Content starts

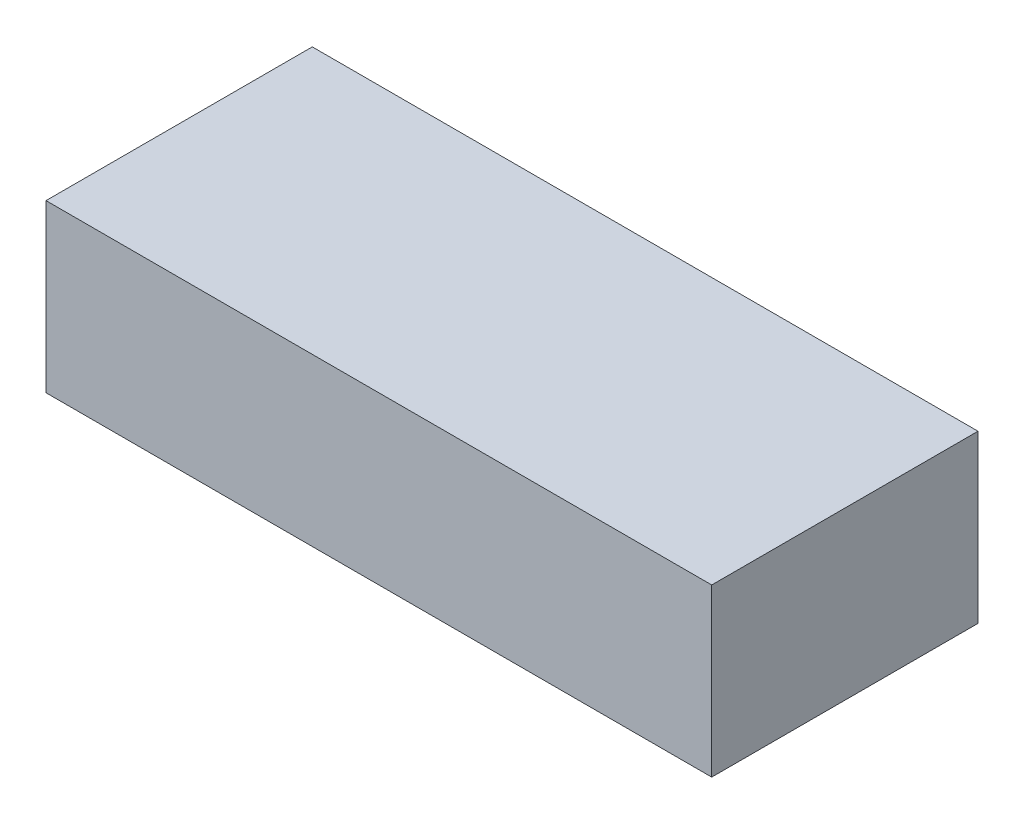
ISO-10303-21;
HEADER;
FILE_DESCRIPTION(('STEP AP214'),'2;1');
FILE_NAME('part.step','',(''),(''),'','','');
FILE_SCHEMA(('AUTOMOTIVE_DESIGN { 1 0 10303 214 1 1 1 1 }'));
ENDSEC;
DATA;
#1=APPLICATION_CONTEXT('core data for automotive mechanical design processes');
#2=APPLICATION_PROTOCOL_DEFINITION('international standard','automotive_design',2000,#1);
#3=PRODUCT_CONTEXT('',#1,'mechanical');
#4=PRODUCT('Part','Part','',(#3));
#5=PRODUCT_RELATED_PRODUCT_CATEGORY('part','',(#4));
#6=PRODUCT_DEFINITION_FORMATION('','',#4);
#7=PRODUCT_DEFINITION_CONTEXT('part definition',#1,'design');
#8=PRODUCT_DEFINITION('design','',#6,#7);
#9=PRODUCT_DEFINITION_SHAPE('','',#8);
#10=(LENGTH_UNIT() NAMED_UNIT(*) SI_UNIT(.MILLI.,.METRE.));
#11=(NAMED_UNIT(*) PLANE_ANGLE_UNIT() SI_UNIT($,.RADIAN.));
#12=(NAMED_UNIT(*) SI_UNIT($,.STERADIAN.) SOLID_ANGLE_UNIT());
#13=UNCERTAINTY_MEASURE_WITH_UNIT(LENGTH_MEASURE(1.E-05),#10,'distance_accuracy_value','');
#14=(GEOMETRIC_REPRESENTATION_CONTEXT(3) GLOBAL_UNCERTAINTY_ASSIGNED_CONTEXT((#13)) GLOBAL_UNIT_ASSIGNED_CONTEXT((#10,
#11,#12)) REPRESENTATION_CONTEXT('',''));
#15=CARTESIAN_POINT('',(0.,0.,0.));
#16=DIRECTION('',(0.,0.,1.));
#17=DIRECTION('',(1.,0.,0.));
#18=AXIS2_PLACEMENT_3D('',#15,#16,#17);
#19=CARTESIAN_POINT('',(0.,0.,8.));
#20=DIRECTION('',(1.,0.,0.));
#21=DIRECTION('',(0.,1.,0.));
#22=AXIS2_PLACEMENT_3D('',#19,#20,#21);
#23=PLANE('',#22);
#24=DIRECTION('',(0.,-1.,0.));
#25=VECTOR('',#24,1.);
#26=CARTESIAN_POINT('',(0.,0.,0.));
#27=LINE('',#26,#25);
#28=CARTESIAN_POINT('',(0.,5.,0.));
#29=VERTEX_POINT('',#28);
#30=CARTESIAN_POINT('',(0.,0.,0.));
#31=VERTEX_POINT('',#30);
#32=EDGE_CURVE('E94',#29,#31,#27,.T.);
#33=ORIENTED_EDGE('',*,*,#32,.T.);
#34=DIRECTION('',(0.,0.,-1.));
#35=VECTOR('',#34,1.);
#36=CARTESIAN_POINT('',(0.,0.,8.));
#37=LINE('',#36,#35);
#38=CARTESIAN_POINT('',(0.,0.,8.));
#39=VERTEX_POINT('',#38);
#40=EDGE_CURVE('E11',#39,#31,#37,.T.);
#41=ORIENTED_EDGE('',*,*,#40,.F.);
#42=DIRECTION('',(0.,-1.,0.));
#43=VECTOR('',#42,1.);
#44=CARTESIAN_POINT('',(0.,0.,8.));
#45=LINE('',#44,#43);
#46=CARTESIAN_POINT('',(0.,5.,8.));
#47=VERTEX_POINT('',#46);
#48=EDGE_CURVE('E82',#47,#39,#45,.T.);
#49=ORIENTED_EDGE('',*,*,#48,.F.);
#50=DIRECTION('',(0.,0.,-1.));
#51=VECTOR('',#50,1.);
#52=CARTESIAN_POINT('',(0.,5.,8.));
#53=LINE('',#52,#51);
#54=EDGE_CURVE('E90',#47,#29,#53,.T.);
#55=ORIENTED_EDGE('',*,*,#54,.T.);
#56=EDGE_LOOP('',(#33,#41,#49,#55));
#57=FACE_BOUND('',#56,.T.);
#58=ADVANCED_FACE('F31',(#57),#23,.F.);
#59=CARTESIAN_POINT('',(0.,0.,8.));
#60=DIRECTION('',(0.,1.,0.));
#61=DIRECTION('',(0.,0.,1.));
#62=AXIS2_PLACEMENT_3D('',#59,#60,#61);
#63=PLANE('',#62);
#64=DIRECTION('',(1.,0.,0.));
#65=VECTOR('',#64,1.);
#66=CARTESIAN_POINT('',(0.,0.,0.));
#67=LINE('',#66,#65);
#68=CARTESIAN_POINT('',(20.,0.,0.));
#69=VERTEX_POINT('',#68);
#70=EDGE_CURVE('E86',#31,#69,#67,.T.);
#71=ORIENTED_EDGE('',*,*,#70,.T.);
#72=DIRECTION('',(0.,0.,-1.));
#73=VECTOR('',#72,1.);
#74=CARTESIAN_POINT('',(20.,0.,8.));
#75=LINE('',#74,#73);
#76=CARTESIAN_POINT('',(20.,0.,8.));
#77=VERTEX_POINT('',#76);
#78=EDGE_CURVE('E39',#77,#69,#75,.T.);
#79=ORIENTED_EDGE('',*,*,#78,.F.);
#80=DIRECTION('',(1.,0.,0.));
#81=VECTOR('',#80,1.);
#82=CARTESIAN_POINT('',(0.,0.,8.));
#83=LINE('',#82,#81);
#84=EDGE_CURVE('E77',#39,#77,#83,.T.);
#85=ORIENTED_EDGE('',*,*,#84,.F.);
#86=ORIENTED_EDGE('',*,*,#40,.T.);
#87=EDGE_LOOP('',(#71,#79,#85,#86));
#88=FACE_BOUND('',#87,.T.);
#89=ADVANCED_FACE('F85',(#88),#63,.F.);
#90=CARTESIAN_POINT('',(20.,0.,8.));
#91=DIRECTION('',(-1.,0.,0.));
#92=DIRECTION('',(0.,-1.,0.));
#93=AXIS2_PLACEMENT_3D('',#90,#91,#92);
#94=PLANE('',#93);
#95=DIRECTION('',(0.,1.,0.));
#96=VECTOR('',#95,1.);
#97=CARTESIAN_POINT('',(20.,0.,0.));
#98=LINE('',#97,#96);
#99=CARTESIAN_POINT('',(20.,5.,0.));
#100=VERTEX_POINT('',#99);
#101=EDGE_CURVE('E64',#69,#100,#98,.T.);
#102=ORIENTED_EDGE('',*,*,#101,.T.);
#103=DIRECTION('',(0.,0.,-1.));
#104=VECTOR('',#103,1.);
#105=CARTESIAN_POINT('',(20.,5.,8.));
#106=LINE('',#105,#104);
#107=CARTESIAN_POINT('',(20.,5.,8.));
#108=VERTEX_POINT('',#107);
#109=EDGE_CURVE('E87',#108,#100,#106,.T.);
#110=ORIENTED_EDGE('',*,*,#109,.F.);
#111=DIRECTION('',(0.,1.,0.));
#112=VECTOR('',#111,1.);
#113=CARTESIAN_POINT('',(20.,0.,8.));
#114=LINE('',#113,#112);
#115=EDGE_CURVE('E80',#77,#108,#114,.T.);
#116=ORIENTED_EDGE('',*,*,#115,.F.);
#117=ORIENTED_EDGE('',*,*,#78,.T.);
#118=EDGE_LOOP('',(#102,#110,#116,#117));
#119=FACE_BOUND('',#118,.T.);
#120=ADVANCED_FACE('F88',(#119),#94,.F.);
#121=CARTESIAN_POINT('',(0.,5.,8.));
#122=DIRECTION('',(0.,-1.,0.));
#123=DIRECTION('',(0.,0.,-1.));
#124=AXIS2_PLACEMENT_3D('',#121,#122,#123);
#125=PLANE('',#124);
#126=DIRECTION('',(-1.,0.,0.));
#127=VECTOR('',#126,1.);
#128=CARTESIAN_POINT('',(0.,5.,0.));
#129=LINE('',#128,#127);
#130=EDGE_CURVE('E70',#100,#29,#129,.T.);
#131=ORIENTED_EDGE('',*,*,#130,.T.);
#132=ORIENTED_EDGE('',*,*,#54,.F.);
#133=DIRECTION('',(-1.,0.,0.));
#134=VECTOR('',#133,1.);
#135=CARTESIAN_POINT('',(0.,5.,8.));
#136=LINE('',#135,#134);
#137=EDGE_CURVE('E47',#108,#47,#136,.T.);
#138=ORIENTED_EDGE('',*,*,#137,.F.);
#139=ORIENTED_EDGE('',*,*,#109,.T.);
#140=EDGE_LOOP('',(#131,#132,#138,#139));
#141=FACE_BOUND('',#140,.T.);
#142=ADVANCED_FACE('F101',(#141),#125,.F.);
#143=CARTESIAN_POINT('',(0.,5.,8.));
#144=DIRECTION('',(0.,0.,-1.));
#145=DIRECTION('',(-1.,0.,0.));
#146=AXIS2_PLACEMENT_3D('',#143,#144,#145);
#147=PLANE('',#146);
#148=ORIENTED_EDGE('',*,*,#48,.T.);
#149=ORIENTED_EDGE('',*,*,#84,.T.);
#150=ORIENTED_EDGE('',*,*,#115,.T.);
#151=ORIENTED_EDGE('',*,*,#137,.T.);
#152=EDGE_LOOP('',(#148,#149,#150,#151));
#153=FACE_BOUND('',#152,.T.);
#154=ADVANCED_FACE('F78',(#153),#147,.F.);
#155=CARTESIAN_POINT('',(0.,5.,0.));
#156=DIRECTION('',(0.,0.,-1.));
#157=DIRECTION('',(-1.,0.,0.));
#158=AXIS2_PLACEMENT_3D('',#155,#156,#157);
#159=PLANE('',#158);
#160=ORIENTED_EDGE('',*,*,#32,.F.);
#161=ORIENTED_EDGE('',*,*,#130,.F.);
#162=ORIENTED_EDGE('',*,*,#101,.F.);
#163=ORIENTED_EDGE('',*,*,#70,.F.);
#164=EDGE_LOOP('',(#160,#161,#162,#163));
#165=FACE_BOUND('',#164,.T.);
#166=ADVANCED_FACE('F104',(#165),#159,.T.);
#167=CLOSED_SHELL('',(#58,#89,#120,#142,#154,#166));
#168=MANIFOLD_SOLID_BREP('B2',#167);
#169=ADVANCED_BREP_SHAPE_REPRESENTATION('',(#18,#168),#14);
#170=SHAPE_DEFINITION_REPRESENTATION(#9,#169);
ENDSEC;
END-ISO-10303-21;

Content ends

● Prompt
Using the listing above, return word for word each line from the one that has "#88=FACE_BOUND('',#87,.T.);" through the one that has "#100=VERTEX_POINT('',#99);", and no line outside that range.

● Answer area
#88=FACE_BOUND('',#87,.T.);
#89=ADVANCED_FACE('F85',(#88),#63,.F.);
#90=CARTESIAN_POINT('',(20.,0.,8.));
#91=DIRECTION('',(-1.,0.,0.));
#92=DIRECTION('',(0.,-1.,0.));
#93=AXIS2_PLACEMENT_3D('',#90,#91,#92);
#94=PLANE('',#93);
#95=DIRECTION('',(0.,1.,0.));
#96=VECTOR('',#95,1.);
#97=CARTESIAN_POINT('',(20.,0.,0.));
#98=LINE('',#97,#96);
#99=CARTESIAN_POINT('',(20.,5.,0.));
#100=VERTEX_POINT('',#99);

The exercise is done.